The earliest electronic corpora were designed using external criteria -- reference to institutionalised types of text, or features of the nonlinguistic environment or society in which the texts occurred. More recently, some internal criteria -- differentiating features of the language of the texts -- have been offered by researchers. This work suggests that a thorough classification of texts, an adequate typology, will eventually consist of a balanced combination of the two types of criteria.
Many internal and external criteria reflect each other. A text that showed a high average sentence length would be likely to be of one kind of book or magazine rather than another. For some parameters of classification the external evidence is primary -- whether a text is printed in a book or a newspaper, whether it is in written or spoken form, etc. No matter what kind of language is found in the document or transcript, these real-world distinctions are clear-cut, and relate to the experience of end-users of the typology, who will not all be experts in linguistics.
So if it turns out that some texts which are classified separately from an external perspective share some of the same linguistic features, that is not in itself an adequate reason for classifying them together, though it raises an interesting question. Much research on language variety, genre etc. has worked on the assumption that external distinctions are reflected internally, and indeed it is ultimately that assumption that makes external criteria relevant at all -- for if they had no influence on the language used, they would be of no interest to linguists or others in the language industries.
Perhaps the major indication of whether a corpus criterion should be expressed through internal or external criteria is whether the criterion itself is expressed intensively or extensively. This is a basic distinctiion in lexicography; an intensive criterion is expressed by something like a generalisation which is shared by all the members of a group, whereas an extensive criterion is merely a list of the members. Where the group is a fairly small and clearly delimited one, like `quality newspapers' in the UK, there is little to choose between listing them and phrasing a generalisation that will identify just the same newspapers. But when there is a large number of members of a group -- and possibly an indefinitely large number -- then the techniques of extensive definition do not work.
Hence, where we find, as in the classification of topic by external criteria through listing possible topics, an example of extensive listing without a principled limit or known dimension, there is a strong case to be made for abandoning this approach and looking instead for a generalised means of classifying the texts using internal criteria and intensive definition.

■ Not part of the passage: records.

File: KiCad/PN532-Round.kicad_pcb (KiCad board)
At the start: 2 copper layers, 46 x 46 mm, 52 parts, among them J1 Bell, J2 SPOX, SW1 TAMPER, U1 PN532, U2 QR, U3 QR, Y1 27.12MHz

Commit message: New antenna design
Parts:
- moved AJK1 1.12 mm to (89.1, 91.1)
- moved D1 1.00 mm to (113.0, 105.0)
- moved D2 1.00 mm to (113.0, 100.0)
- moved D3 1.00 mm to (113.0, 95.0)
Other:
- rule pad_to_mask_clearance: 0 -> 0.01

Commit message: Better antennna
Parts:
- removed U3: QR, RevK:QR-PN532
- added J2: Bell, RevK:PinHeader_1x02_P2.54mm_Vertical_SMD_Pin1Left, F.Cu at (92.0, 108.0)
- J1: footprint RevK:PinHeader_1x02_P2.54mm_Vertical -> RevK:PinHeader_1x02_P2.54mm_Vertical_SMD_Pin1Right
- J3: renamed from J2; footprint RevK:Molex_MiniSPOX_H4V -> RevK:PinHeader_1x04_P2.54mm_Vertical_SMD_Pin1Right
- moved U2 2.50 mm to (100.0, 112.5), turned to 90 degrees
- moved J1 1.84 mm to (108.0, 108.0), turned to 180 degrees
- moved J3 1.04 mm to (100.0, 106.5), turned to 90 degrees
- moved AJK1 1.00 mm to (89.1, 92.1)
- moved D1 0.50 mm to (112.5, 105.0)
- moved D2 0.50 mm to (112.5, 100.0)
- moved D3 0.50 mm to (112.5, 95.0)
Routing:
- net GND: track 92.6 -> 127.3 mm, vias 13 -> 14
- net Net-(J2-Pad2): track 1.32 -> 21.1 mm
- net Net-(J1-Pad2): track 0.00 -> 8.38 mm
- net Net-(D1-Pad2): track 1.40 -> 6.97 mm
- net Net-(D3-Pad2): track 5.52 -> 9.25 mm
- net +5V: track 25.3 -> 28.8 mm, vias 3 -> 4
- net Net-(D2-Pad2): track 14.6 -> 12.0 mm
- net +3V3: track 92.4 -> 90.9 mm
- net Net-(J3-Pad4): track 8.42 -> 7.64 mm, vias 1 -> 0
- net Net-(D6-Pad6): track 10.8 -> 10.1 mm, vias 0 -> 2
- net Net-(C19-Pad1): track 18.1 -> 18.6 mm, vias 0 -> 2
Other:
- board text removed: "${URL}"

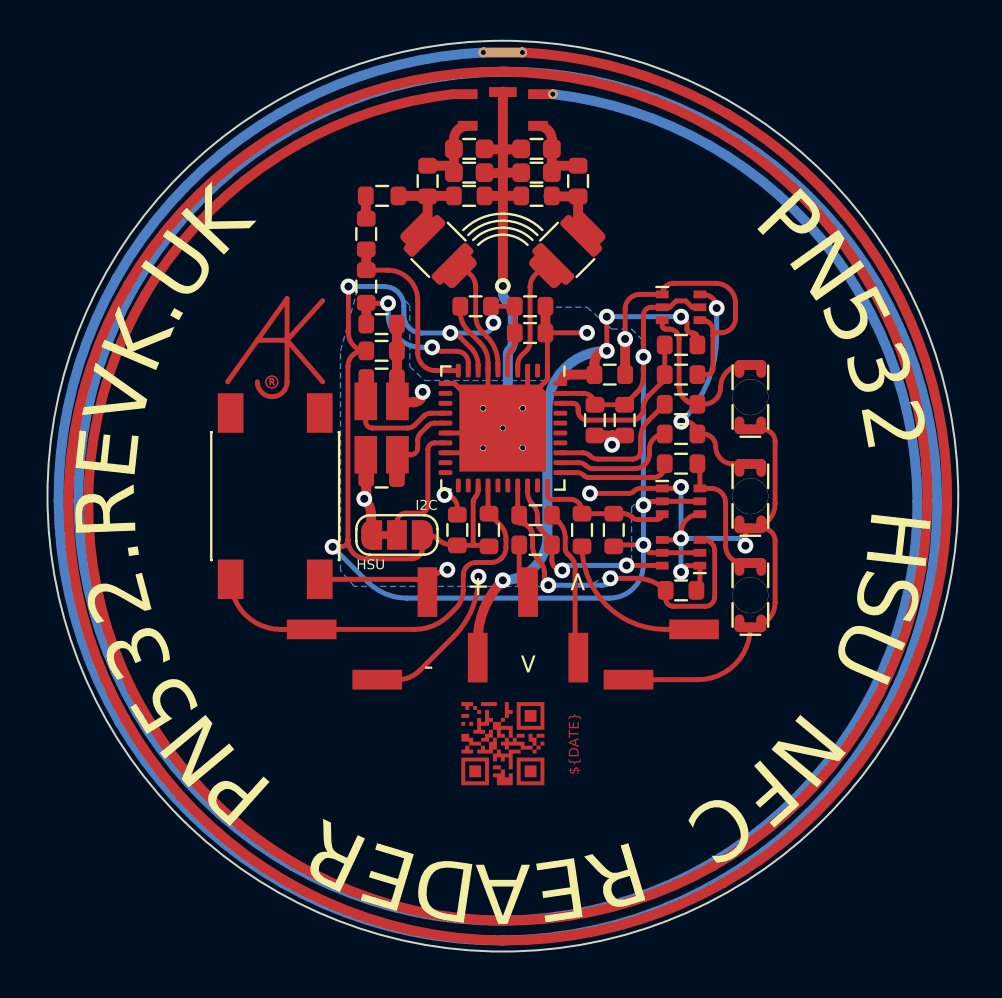
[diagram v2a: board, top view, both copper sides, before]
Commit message: Tweak screw holes, and tidy round PCB
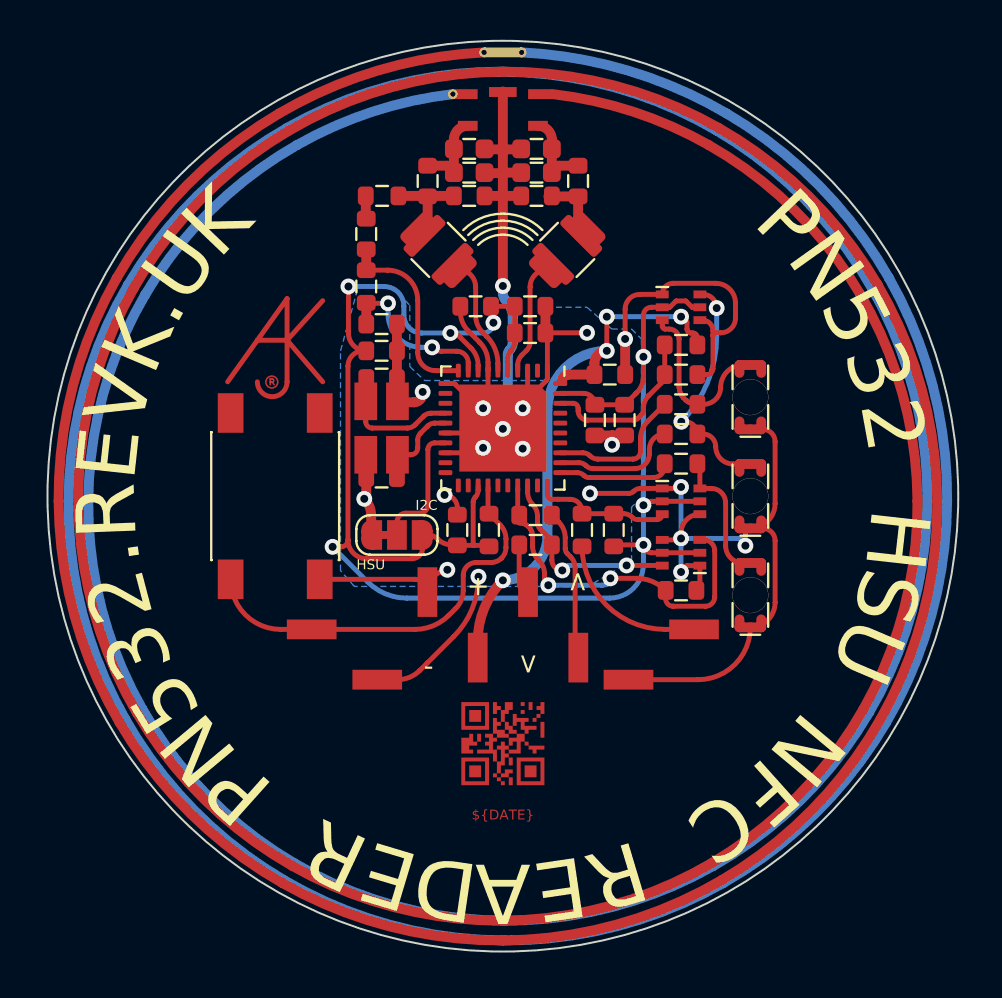
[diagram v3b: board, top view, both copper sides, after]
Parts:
- moved R3 0.23 mm to (101.8, 80.5)
- moved R1 0.21 mm to (98.2, 80.5)
- turned U2 to 0 degrees
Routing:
- net GND: vias 14 -> 19

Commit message: Tidy up and new case
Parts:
- C1, C2: value 160pF 1% -> 160pF; footprint RevK:Cx2_0603 -> RevK:C_0603
- C11, C12, C14, C18, C7, C9: value 0.1uF -> 100nF
- C3, C4: value 22pF 1% -> 22pF
- C8: value 1nF 2% -> 1nF
- J3: value SPOX -> 0.1"
- R1, R3: footprint RevK:Hidden -> RevK:R_0603_
- R2: footprint RevK:Hidden -> RevK:R_0805_
- moved C1 0.84 mm to (101.7, 83.3)
- moved C2 0.84 mm to (98.3, 83.3)
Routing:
- net GND: track 127.3 -> 125.5 mm
- net Net-(A1-Pad1): track 4.25 -> 3.71 mm
- net Net-(A1-Pad3): track 4.25 -> 3.71 mm

There is a halfway house, where the classification is based on what the text says about itself. If on the title page of a text it is stated that the text is a `manual of lithography', it is fairly safe to classify it as a manual, and to record its topic as lithography. Such a classification is called reflexive.
In a perfect world these claims would have to be verified with respect to the criteria for manuals, and the place of lithography in relation to other arts and crafts, and the printing trades. For the time being we accept the classification at its face value; we do not define a manual carefully, and we do not attempt to divide the world around lithography into a coherent set of labels.